El amor en todos sus matices no es otra cosa ni menos que la huella más o menos directa marcada en el corazón del elemento por la convergencia psíquica sobre sí mismo del Universo.
¿Y ésta es, si no me equivoco, la línea de luz que puede ayudarnos a ver más claramente a nuestro alrededor?
Sufrimos y nos preocupamos cuando vemos que los intentos modernos de colectivización humana sólo resultan, contrariamente a las predicciones de la teoría y nuestras expectativas, en una rebaja y esclavización de las conciencias. — ¿Pero qué camino hemos recorrido hasta ahora para unificarnos? Una situación material que defender. Una nueva zona industrial para abrir. Mejores condiciones para una clase social o para naciones desfavorecidas… Estos son los únicos ámbitos mediocres en los que hasta ahora hemos intentado acercarnos. ¡Qué sorprendente es que, siguiendo a las sociedades animales, nos mecanicemos gracias al juego mismo de nuestra asociación! Incluso en el acto supremamente intelectual de construir la Ciencia (al menos mientras siga siendo puramente especulativo y abstracto), el impacto de nuestras almas sólo opera de manera oblicua y como lateral. El contacto es aún superficial, - y por tanto peligro de una servidumbre más… Sólo el amor, por la buena razón de que es el único que toma y une a los seres desde lo más profundo de sí mismo, es capaz, - es un hecho de la experiencia cotidiana, de completar seres, como seres, al reunirlos. ¿En qué momento dos amantes logran la posesión más completa de sí mismos sino en el momento en que dicen estar perdidos el uno en el otro?
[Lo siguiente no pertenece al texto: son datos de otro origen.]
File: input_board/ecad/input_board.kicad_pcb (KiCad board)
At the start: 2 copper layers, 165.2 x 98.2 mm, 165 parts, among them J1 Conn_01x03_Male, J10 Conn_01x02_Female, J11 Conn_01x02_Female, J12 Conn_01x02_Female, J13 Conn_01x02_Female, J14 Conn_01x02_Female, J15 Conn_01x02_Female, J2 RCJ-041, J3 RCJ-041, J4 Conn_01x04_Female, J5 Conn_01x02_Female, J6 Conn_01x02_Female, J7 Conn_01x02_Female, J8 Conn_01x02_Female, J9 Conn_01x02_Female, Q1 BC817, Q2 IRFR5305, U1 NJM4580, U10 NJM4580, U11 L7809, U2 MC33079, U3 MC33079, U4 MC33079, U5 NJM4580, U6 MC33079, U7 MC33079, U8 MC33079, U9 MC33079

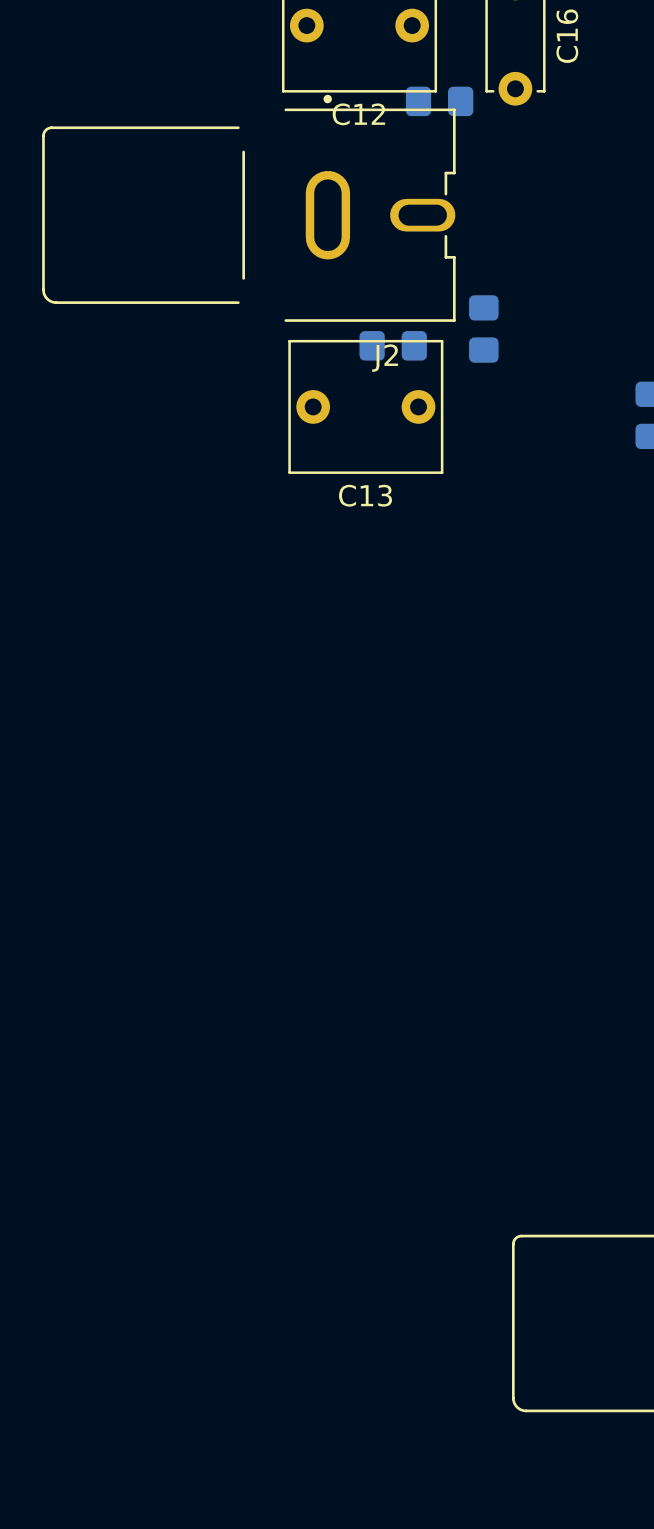
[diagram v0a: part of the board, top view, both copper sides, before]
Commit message: Input board: migrate to KiCAD 6.0
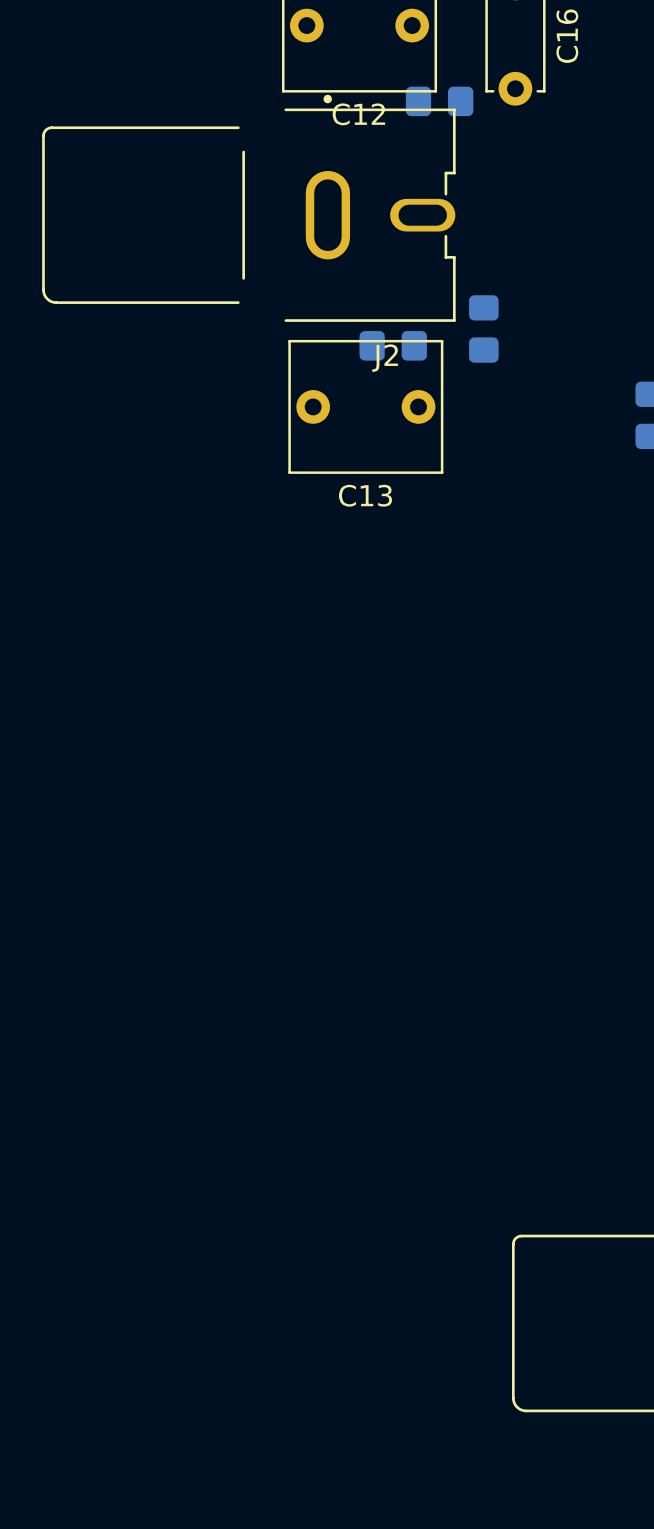
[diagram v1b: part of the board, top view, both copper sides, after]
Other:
- net class Default removed

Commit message: Input board: fix scematic and initial version of layout
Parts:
- removed C34, C36, C38, C39, C40, C41: 100n, Capacitor_SMD:C_0805_2012Metric_Pad1.18x1.45mm_HandSolder
- removed C35, C37: 1n, Capacitor_THT:C_Rect_L7.2mm_W2.5mm_P5.00mm_FKS2_FKP2_MKS2_MKP2
- removed J14, J15: Conn_01x02_Female, Connector_PinHeader_2.54mm:PinHeader_1x02_P2.54mm_Horizontal
- removed R61, R64, R66: 30K, Resistor_SMD:R_0805_2012Metric_Pad1.20x1.40mm_HandSolder
- removed R62, R65, R67, R68, R69, R70, R71, R72, R73, R74, R75, R76, R77, R78: 10K, Resistor_SMD:R_0805_2012Metric_Pad1.20x1.40mm_HandSolder
- removed R63: 7.5K, Resistor_SMD:R_0805_2012Metric_Pad1.20x1.40mm_HandSolder
- removed RV10: 100K, Potentiometer_THT:Potentiometer_Runtron_RM-063_Horizontal
- removed RV11, RV12, RV9: 50K, Potentiometer_THT:Potentiometer_Runtron_RM-063_Horizontal
- removed U10: NJM4580, Package_SO:SOIC-8_3.9x4.9mm_P1.27mm
- removed U11: L7809, Package_TO_SOT_THT:TO-220-3_Horizontal_TabDown
- C10: value 56n -> 100u; footprint Capacitor_THT:C_Rect_L7.0mm_W4.5mm_P5.00mm -> Capacitor_SMD:CP_Elec_6.3x5.7
- C11: value 100n -> 330n
- C13: value 1u -> 10p; footprint Capacitor_THT:C_Rect_L7.0mm_W6.0mm_P5.00mm -> Capacitor_THT:C_Disc_D5.0mm_W2.5mm_P5.00mm
- C15, C25, C26: value 1u -> 1n; footprint Capacitor_THT:C_Rect_L7.0mm_W6.0mm_P5.00mm -> Capacitor_THT:C_Rect_L7.2mm_W2.5mm_P5.00mm_FKS2_FKP2_MKS2_MKP2
- C16: value 10p -> 1n; footprint Capacitor_THT:C_Disc_D5.0mm_W2.5mm_P5.00mm -> Capacitor_THT:C_Rect_L7.2mm_W2.5mm_P5.00mm_FKS2_FKP2_MKS2_MKP2
- C18, C19: value 22n -> 1u; footprint Capacitor_THT:C_Rect_L7.2mm_W2.5mm_P5.00mm_FKS2_FKP2_MKS2_MKP2 -> Capacitor_THT:C_Rect_L7.0mm_W6.0mm_P5.00mm
- C2, C3, C9: value 56n -> 100n; footprint Capacitor_THT:C_Rect_L7.0mm_W4.5mm_P5.00mm -> Capacitor_SMD:C_0805_2012Metric_Pad1.18x1.45mm_HandSolder
- C20, C30, C33: value 47p -> 100n; footprint Capacitor_THT:C_Disc_D5.0mm_W2.5mm_P5.00mm -> Capacitor_SMD:C_0805_2012Metric_Pad1.18x1.45mm_HandSolder; moved to B.Cu
- C21, R10, R22, R34, R37, R38, R39, R45, R46, R5, R51, R55, R6, R60, R7, U7, U8, U9: moved to B.Cu
- C22, C24: value 1n -> 1u; footprint Capacitor_THT:C_Rect_L7.2mm_W2.5mm_P5.00mm_FKS2_FKP2_MKS2_MKP2 -> Capacitor_THT:C_Rect_L7.0mm_W6.0mm_P5.00mm
- C23: value 100n -> 10p; footprint Capacitor_SMD:C_0805_2012Metric_Pad1.18x1.45mm_HandSolder -> Capacitor_THT:C_Disc_D5.0mm_W2.5mm_P5.00mm
- C27: value 1u -> 47p; footprint Capacitor_THT:C_Rect_L7.0mm_W6.0mm_P5.00mm -> Capacitor_THT:C_Disc_D5.0mm_W2.5mm_P5.00mm
- C29: value 10p -> 1u; footprint Capacitor_THT:C_Disc_D5.0mm_W2.5mm_P5.00mm -> Capacitor_THT:C_Rect_L7.0mm_W6.0mm_P5.00mm
- C31, C32: value 22n -> 100n; footprint Capacitor_THT:C_Rect_L7.2mm_W2.5mm_P5.00mm_FKS2_FKP2_MKS2_MKP2 -> Capacitor_SMD:C_0805_2012Metric_Pad1.18x1.45mm_HandSolder; moved to B.Cu
- C4, C7: value 100n -> 56n; footprint Capacitor_SMD:C_0805_2012Metric_Pad1.18x1.45mm_HandSolder -> Capacitor_THT:C_Rect_L7.0mm_W4.5mm_P5.00mm
- C5: value 1000u -> 56n; footprint Capacitor_THT:CP_Radial_D16.0mm_P7.50mm -> Capacitor_THT:C_Rect_L7.0mm_W4.5mm_P5.00mm
- C6: value 330n -> 56n; footprint Capacitor_SMD:C_0805_2012Metric_Pad1.18x1.45mm_HandSolder -> Capacitor_THT:C_Rect_L7.0mm_W4.5mm_P5.00mm
- C8: value 100u -> 1000u; footprint Capacitor_SMD:CP_Elec_6.3x5.7 -> Capacitor_THT:CP_Radial_D16.0mm_P7.50mm
- J1: value Conn_01x03_Male -> Conn_01x02_Female; footprint Connector_Phoenix_MC:PhoenixContact_MC_1,5_3-G-3.5_1x03_P3.50mm_Horizontal -> Connector_PinHeader_2.54mm:PinHeader_1x02_P2.54mm_Horizontal
- J10, J11, J12, J13: footprint Connector_PinHeader_2.54mm:PinHeader_1x02_P2.54mm_Horizontal -> Connector_Phoenix_MC:PhoenixContact_MC_1,5_2-G-3.5_1x02_P3.50mm_Horizontal
- J2: value RCJ-041 -> Conn_01x02_Female; footprint footprints:CUI_RCJ-041 -> Connector_PinHeader_2.54mm:PinHeader_1x02_P2.54mm_Horizontal
- J4: value Conn_01x04_Female -> Conn_01x02_Female; footprint Connector_Phoenix_MC:PhoenixContact_MC_1,5_4-G-3.5_1x04_P3.50mm_Horizontal -> Connector_PinHeader_2.54mm:PinHeader_1x02_P2.54mm_Horizontal
- J5: value Conn_01x02_Female -> Conn_01x04_Female; footprint Connector_Phoenix_MSTB:PhoenixContact_MSTBA_2,5_2-G_1x02_P5.00mm_Horizontal -> Connector_Phoenix_MC:PhoenixContact_MC_1,5_4-G-3.5_1x04_P3.50mm_Horizontal
- J6: value Conn_01x02_Female -> RCJ-041; footprint Connector_Phoenix_MSTB:PhoenixContact_MSTBA_2,5_2-G_1x02_P5.00mm_Horizontal -> footprints:CUI_RCJ-041
- J7, J8: footprint Connector_Phoenix_MSTB:PhoenixContact_MSTBA_2,5_2-G_1x02_P5.00mm_Horizontal -> Connector_PinHeader_2.54mm:PinHeader_1x02_P2.54mm_Horizontal
- J9: value Conn_01x02_Female -> Conn_01x03_Male; footprint Connector_PinHeader_2.54mm:PinHeader_1x02_P2.54mm_Horizontal -> Connector_Phoenix_MC:PhoenixContact_MC_1,5_3-G-3.5_1x03_P3.50mm_Horizontal
- Q1: value BC817 -> IRFR5305; footprint Package_TO_SOT_SMD:SOT-23 -> Package_TO_SOT_SMD:TO-252-2
- Q2: value IRFR5305 -> BC817; footprint Package_TO_SOT_SMD:TO-252-2 -> Package_TO_SOT_SMD:SOT-23
- R12: value 10K -> 4.7K
- R13, R33: value 10K -> 7.5K
- R14, R15, R41, R42: value 10K -> 30K; footprint Resistor_THT:R_Axial_DIN0207_L6.3mm_D2.5mm_P10.16mm_Horizontal -> Resistor_SMD:R_0805_2012Metric_Pad1.20x1.40mm_HandSolder; moved to B.Cu
- R16: value 4.7K -> 10K; footprint Resistor_THT:R_Axial_DIN0207_L6.3mm_D2.5mm_P10.16mm_Horizontal -> Resistor_SMD:R_0805_2012Metric_Pad1.20x1.40mm_HandSolder; moved to B.Cu
- R17, R21, R35, R40: value 10K -> 30K; moved to B.Cu
- R18, R27, R47, R49, R54, R57, R59: value 30K -> 10K; moved to B.Cu
- R24: value 30K -> 4.7K
- R25: value 7.5K -> 30K; moved to B.Cu
- R26, R31: value 18K -> 30K; moved to B.Cu
- R28, R48: footprint Resistor_SMD:R_0805_2012Metric_Pad1.20x1.40mm_HandSolder -> Resistor_THT:R_Axial_DIN0207_L6.3mm_D2.5mm_P10.16mm_Horizontal
- R29, R3, R56: value 4.7K -> 10K; moved to B.Cu
- R30: value 30K -> 4.7K; footprint Resistor_SMD:R_0805_2012Metric_Pad1.20x1.40mm_HandSolder -> Resistor_THT:R_Axial_DIN0207_L6.3mm_D2.5mm_P10.16mm_Horizontal; moved to F.Cu
- R32: value 30K -> 10K; footprint Resistor_SMD:R_0805_2012Metric_Pad1.20x1.40mm_HandSolder -> Resistor_THT:R_Axial_DIN0207_L6.3mm_D2.5mm_P10.16mm_Horizontal
- R36: value 7.5K -> 10K; moved to B.Cu
- R4: value 10K -> 20K; moved to B.Cu
- R43: value 4.7K -> 30K; footprint Resistor_THT:R_Axial_DIN0207_L6.3mm_D2.5mm_P10.16mm_Horizontal -> Resistor_SMD:R_0805_2012Metric_Pad1.20x1.40mm_HandSolder; moved to B.Cu
- R44: value 10K -> 4.7K; moved to B.Cu
- R50: value 30K -> 4.7K; footprint Resistor_SMD:R_0805_2012Metric_Pad1.20x1.40mm_HandSolder -> Resistor_THT:R_Axial_DIN0207_L6.3mm_D2.5mm_P10.16mm_Horizontal
- R52: value 7.5K -> 10K; footprint Resistor_SMD:R_0805_2012Metric_Pad1.20x1.40mm_HandSolder -> Resistor_THT:R_Axial_DIN0207_L6.3mm_D2.5mm_P10.16mm_Horizontal
- R53, R58: value 18K -> 10K; moved to B.Cu
- R8: value 20K -> 5.8K; moved to B.Cu
- R9: value 5.8K -> 10K; moved to B.Cu
- RV3, RV5, RV8: value 100K -> 50K
- U1: value NJM4580 -> LM358
- U3: value MC33079 -> L7809; footprint Package_SO:SOIC-14_3.9x8.7mm_P1.27mm -> Package_TO_SOT_THT:TO-220-3_Horizontal_TabDown
- U4, U6: value MC33079 -> NJM4580; footprint Package_SO:SOIC-14_3.9x8.7mm_P1.27mm -> Package_SO:SOIC-8_3.9x4.9mm_P1.27mm; moved to B.Cu
- U5: value NJM4580 -> MC33079; footprint Package_SO:SOIC-8_3.9x4.9mm_P1.27mm -> Package_SO:SOIC-14_3.9x8.7mm_P1.27mm; moved to B.Cu
- moved R48 228.0 mm to (40.1, 30.5), turned to 180 degrees
- moved R50 217.9 mm to (42.0, 38.8)
- moved R52 215.0 mm to (40.1, 34.5), turned to 180 degrees
- moved R41 203.2 mm to (35.5, 66.2), turned to 180 degrees
- moved R44 203.0 mm to (61.8, 41.5), turned to 180 degrees
- moved C28 200.5 mm to (56.0, 33.8), turned to 180 degrees
- moved R46 195.3 mm to (64.8, 49.8)
- moved R57 193.2 mm to (81.2, 57.1), turned to -90 degrees
- moved R45 192.4 mm to (59.2, 51.5)
- moved C29 190.5 mm to (47.8, 33.8), turned to 180 degrees
- moved R3 190.2 mm to (33.5, 90.6), turned to -90 degrees
- moved R40 185.0 mm to (76.0, 84.3), turned to -90 degrees
- moved RV8 184.1 mm to (68.1, 86.3), turned to 90 degrees
- moved R47 180.1 mm to (74.2, 75.8), turned to 90 degrees
- moved C27 178.4 mm to (70.2, 78.3), turned to 90 degrees
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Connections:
- C10 pad 1: Net-(C10-Pad1) -> +9V
- C10 pad 2: Net-(C10-Pad2) -> GND
- C11 pad 1: +9V -> /VCC_BRFORE_STAB
- C12 pad 2: /preamp_filter_r/rca_n -> /left_rca_p
- C13 pad 1: Net-(C13-Pad1) -> /preamp_filter_l/preamp_n
- C13 pad 2: /preamp_filter_r/rca_p -> /preamp_filter_l/preamp_p
- C14 pad 2: Net-(C14-Pad2) -> /left_rca_g
- C16 pad 1: Net-(C16-Pad1) -> /preamp_filter_l/LO_MID
- C17 pad 1: /preamp_filter_r/MID -> /preamp_filter_l/HIGH
- C19 pad 1: /preamp_filter_r/LOW -> Net-(C19-Pad1)
- C2 pad 1: Net-(C2-Pad1) -> +9V
- C2 pad 2: Net-(C2-Pad2) -> GND
- C20 pad 1: /preamp_filter_r/HIGH -> +9V
- C20 pad 2: Net-(C20-Pad2) -> GND
- C22 pad 2: Net-(C22-Pad2) -> /right_rca_p
- C23 pad 1: +9V -> /preamp_filter_r/preamp_n
- C23 pad 2: GND -> /preamp_filter_r/preamp_p
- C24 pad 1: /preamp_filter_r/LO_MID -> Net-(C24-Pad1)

En verdad, ¿el amor no realiza el gesto mágico, el gesto supuestamente contradictorio de «personalizar» totalizando, en cada momento, en la pareja, en el equipo, alrededor de nosotros y lo que así opera diariamente en escala reducida, por qué? ¿No lo repetiría algún día sobre las dimensiones de la Tierra?
Humanidad; el Espíritu de la Tierra; la Síntesis de individuos y pueblos; la paradójica Conciliación del Elemento y del Todo, de la Unidad y de la Multitud: para que estas cosas, llamadas utópicas, y sin embargo biológicamente necesarias, tomen forma en el mundo, ¿no basta con imaginar que nuestra capacidad de amar se desarrolla hasta abrazar el totalidad de los hombres y la Tierra?
Ahora bien, se dirá, ¿no es precisamente aquí donde se señala lo imposible?
Todo lo que un hombre puede hacer, ¿no es cierto?, es dar su afecto a uno o unos pocos seres humanos raros. Más allá, en un radio mayor, el corazón ya no lleva, y sólo hay lugar para la fría justicia y la fría razón. Amar a todo y a todos: un gesto contradictorio y falso, que en definitiva sólo lleva a no amar nada.
Pero entonces, te responderé, si, como afirmas, un amor universal es imposible, ¿qué significa ese instinto irresistible en nuestro corazón que nos lleva hacia la Unidad cada vez que, en cualquier dirección, nuestra pasión es exaltada? Sentido del Universo, sentido del Todo: frente a la Naturaleza, frente a la Belleza, en la Música, la nostalgia que nos embarga, la expectativa y el sentimiento de una gran Presencia. Aparte de los “místicos” y sus analistas, ¿cómo es posible que la psicología haya podido descuidar tanto esta vibración fundamental cuyo timbre, para un oído entrenado, se distingue en la base, o más bien en la cima de toda gran emoción? Resonancia al Todo: nota esencial de pura Poesía y pura Religión. Una vez más, ¿qué traiciona este fenómeno, nacido con el Pensamiento y creciendo con él, sino un acuerdo profundo entre dos realidades que se buscan: la parcela desunida que tiembla ante la proximidad del Resto?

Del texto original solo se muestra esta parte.